__WHAT NEEDS TO BE DONE__
From the records that follow, copy every line in which "ranging" appears.

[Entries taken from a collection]

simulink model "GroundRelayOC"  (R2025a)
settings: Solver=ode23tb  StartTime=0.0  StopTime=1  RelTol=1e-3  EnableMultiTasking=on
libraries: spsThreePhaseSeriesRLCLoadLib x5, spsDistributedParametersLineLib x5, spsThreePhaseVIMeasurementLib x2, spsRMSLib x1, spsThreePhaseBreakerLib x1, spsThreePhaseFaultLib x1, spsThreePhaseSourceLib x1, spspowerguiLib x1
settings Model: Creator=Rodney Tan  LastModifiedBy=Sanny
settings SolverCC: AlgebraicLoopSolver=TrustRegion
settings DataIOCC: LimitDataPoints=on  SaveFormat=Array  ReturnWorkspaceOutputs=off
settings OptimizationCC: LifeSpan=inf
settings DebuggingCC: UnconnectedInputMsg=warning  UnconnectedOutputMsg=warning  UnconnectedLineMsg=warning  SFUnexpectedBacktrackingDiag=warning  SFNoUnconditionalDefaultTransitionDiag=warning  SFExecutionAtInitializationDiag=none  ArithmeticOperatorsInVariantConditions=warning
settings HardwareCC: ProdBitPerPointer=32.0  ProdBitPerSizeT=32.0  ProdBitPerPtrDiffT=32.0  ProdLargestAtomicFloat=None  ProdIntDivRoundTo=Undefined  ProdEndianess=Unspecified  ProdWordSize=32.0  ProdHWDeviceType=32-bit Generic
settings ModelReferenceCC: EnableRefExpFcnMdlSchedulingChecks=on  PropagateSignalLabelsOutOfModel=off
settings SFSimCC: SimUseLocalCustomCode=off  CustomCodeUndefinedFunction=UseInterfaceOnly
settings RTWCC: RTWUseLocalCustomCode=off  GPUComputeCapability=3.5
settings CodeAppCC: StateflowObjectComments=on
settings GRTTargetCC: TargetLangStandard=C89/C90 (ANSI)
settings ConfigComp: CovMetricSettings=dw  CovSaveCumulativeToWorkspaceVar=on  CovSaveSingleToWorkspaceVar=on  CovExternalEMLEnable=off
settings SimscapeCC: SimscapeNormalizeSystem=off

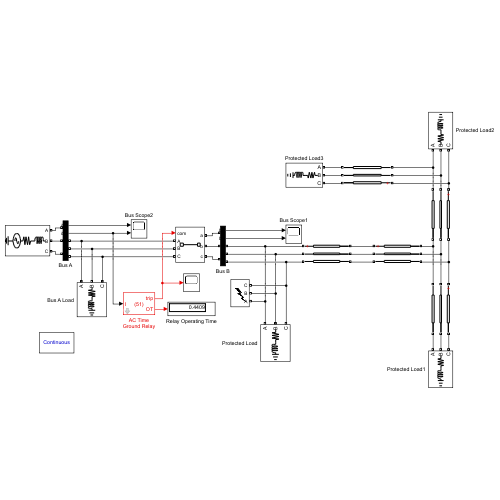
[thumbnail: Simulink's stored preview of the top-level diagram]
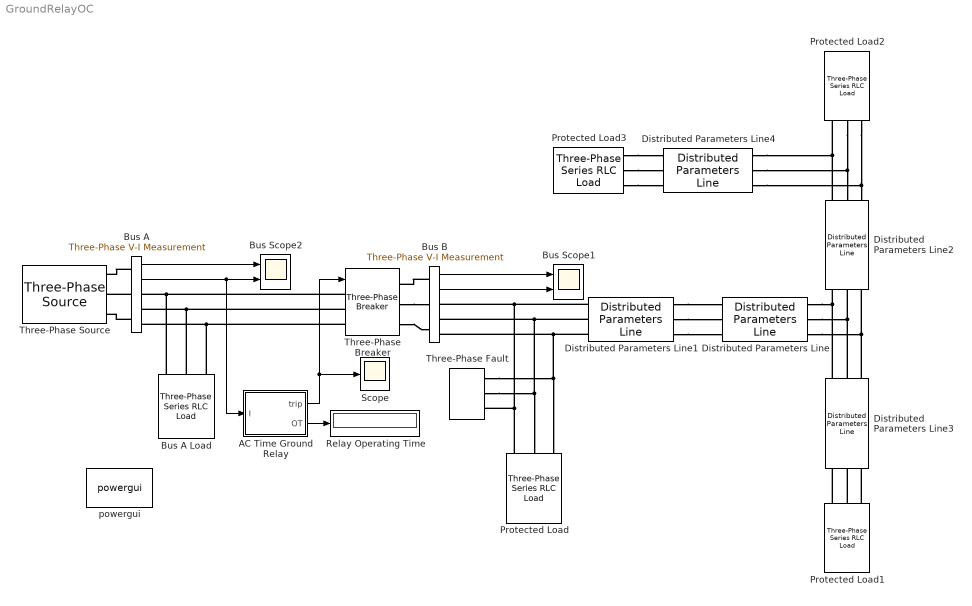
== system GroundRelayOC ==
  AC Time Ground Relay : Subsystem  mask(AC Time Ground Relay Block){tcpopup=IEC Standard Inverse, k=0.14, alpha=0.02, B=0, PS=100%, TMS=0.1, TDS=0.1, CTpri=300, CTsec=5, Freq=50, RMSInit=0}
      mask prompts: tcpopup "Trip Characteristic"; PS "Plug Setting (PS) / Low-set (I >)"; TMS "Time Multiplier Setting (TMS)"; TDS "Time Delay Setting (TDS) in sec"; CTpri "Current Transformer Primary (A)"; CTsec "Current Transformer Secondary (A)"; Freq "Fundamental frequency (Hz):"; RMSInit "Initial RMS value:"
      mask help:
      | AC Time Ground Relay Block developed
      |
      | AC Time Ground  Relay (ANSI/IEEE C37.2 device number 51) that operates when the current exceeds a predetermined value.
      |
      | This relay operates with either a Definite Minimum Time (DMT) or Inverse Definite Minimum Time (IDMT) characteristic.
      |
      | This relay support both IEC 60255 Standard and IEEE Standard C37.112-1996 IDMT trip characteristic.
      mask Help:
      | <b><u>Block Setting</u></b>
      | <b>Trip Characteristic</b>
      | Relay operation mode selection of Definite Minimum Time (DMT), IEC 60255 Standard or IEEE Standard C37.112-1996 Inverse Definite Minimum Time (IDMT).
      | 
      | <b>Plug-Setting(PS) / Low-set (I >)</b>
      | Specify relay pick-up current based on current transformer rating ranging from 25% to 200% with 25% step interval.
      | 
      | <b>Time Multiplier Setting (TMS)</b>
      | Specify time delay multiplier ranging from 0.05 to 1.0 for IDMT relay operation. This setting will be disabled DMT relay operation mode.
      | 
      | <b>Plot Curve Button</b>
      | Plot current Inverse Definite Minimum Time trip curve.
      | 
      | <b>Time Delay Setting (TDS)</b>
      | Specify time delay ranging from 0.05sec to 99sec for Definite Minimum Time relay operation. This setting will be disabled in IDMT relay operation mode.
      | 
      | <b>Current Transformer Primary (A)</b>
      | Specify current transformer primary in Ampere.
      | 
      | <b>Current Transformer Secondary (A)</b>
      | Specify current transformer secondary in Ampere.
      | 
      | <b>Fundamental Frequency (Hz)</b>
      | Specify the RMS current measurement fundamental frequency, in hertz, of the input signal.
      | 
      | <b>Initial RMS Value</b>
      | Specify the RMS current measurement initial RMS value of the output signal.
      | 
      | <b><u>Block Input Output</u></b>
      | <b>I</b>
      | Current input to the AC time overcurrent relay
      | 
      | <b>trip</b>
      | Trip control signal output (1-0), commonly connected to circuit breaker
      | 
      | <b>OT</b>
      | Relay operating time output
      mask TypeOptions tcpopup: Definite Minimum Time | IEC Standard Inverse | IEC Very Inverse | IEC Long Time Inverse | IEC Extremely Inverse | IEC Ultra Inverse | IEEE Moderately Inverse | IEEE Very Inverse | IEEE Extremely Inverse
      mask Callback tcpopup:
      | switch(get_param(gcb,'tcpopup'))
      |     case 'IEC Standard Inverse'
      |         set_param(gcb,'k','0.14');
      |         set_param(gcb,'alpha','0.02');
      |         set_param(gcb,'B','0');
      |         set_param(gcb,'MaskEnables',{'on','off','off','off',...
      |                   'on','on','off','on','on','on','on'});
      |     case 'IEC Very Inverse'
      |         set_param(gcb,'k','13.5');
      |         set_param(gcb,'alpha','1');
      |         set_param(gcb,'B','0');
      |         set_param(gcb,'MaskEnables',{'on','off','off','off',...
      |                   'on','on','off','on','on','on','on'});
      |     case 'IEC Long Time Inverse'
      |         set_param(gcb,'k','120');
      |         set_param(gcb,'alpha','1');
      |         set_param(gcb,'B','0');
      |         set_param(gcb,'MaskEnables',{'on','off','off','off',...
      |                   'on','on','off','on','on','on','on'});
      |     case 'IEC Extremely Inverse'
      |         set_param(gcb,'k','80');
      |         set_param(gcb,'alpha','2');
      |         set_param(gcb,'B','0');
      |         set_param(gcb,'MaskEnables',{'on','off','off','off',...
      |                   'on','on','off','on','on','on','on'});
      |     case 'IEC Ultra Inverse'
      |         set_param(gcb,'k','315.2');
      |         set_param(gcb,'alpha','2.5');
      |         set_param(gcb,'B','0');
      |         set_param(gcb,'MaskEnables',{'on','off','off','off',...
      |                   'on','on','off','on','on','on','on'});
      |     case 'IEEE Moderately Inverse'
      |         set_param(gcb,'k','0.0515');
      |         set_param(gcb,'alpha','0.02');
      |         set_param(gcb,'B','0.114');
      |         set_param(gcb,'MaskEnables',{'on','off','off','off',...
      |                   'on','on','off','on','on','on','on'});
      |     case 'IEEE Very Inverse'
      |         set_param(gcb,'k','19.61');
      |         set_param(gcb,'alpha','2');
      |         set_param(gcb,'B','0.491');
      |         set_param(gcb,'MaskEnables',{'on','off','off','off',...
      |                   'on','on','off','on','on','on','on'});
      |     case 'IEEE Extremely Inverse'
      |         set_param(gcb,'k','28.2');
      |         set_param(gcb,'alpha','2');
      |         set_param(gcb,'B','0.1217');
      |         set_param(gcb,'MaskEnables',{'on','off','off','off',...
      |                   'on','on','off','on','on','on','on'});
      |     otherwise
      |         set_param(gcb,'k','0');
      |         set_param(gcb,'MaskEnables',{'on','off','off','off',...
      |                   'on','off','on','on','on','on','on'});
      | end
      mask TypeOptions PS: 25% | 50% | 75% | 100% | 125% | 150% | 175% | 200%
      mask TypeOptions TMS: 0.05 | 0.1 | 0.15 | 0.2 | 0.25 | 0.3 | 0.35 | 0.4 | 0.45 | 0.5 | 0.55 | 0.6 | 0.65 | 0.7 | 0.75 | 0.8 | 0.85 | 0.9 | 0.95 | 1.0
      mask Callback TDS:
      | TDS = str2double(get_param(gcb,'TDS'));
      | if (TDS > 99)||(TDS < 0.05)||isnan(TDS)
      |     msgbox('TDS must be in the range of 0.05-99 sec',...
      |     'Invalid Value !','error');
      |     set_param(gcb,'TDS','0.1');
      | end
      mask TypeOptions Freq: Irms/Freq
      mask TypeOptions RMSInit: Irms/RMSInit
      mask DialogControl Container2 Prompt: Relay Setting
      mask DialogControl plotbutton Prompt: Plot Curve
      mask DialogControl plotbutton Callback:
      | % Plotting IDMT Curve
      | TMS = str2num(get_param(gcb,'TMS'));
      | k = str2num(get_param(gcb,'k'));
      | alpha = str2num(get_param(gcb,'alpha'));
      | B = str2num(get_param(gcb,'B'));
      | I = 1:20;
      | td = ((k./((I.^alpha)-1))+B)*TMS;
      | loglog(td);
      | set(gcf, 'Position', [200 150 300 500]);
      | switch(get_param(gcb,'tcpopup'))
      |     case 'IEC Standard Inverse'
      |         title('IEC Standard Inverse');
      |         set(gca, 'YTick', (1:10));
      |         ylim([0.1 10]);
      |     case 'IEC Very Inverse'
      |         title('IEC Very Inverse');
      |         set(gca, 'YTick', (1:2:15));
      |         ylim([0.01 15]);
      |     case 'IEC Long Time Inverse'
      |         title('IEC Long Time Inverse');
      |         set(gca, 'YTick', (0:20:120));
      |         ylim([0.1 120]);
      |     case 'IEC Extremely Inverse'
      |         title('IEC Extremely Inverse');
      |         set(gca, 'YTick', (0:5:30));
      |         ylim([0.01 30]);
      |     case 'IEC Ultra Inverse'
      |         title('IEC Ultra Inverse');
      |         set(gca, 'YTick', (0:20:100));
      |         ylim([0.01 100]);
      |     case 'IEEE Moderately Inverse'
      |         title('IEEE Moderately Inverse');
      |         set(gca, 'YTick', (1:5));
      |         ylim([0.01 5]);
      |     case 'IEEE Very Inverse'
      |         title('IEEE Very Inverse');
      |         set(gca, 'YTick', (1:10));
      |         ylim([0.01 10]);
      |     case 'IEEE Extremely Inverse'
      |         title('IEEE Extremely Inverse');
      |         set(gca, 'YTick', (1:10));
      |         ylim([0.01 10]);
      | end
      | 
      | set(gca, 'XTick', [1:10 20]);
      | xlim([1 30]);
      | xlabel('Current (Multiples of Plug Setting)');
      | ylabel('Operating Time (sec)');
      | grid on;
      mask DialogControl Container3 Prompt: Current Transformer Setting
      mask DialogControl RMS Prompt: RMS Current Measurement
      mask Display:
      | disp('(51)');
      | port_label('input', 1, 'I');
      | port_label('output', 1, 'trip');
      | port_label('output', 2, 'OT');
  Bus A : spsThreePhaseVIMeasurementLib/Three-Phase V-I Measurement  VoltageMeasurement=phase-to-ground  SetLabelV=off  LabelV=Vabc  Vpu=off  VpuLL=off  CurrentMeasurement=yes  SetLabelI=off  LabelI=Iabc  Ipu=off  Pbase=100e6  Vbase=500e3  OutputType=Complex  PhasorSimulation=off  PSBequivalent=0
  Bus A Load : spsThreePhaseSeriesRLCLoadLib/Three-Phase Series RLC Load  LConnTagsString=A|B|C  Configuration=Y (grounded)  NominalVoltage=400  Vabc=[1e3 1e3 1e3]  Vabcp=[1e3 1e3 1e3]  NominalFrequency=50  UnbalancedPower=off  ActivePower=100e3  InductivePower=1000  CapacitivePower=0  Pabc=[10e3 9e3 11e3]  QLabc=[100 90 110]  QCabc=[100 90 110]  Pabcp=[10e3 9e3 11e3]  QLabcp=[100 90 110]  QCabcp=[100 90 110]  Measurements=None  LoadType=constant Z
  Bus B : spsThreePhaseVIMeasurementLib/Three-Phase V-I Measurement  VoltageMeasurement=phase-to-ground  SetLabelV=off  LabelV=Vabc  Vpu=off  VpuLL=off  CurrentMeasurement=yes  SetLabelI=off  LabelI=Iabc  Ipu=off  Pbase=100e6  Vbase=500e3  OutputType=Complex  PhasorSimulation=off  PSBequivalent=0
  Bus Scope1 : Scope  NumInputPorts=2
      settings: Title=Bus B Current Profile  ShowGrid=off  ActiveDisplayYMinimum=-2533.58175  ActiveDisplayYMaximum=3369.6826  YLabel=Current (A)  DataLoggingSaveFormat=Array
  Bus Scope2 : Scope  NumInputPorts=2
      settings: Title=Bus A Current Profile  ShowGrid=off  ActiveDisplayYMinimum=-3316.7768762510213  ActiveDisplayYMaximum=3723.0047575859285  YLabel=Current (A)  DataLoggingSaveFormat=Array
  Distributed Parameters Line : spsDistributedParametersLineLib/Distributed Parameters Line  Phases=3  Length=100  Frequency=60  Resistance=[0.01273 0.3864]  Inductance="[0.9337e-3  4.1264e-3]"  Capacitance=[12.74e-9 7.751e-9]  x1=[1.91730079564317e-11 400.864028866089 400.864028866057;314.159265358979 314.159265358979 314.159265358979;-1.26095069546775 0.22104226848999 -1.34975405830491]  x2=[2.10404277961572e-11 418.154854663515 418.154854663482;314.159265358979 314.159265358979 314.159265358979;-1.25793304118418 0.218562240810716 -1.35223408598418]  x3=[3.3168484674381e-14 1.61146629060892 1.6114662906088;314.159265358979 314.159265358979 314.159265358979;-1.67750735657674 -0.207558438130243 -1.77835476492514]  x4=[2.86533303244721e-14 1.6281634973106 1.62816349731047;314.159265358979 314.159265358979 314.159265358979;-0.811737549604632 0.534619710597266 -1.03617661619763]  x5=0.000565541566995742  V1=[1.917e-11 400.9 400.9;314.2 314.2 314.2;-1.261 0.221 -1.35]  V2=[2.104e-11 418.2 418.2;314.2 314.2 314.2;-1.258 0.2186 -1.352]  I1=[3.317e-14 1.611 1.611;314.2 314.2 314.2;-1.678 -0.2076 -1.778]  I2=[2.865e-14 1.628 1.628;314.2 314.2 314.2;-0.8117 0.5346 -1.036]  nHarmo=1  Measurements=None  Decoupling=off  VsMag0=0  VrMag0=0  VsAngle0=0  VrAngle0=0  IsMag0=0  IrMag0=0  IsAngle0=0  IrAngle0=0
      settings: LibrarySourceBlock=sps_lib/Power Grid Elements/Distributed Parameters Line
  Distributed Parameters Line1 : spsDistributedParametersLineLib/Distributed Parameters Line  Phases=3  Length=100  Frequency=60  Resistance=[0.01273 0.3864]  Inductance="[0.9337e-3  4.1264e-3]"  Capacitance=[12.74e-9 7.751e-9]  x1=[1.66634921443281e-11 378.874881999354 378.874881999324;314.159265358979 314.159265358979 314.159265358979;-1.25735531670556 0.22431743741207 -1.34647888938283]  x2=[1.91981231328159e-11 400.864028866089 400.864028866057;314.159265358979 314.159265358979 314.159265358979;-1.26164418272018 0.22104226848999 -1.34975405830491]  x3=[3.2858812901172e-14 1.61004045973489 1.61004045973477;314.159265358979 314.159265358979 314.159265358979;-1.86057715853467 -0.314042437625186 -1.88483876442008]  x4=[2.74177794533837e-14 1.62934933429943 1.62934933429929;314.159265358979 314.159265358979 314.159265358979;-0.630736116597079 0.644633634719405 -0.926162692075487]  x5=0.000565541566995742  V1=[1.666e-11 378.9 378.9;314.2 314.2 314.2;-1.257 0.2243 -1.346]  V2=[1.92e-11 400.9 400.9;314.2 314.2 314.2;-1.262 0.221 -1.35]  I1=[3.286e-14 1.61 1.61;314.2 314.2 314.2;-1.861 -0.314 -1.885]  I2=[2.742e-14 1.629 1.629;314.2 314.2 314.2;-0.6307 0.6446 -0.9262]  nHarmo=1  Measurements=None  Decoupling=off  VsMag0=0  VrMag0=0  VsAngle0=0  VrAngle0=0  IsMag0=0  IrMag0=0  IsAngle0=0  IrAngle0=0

__RESULT OF THIS TASK__
      | Specify relay pick-up current based on current transformer rating ranging from 25% to 200% with 25% step interval.
      | Specify time delay multiplier ranging from 0.05 to 1.0 for IDMT relay operation. This setting will be disabled DMT relay operation mode.
      | Specify time delay ranging from 0.05sec to 99sec for Definite Minimum Time relay operation. This setting will be disabled in IDMT relay operation mode.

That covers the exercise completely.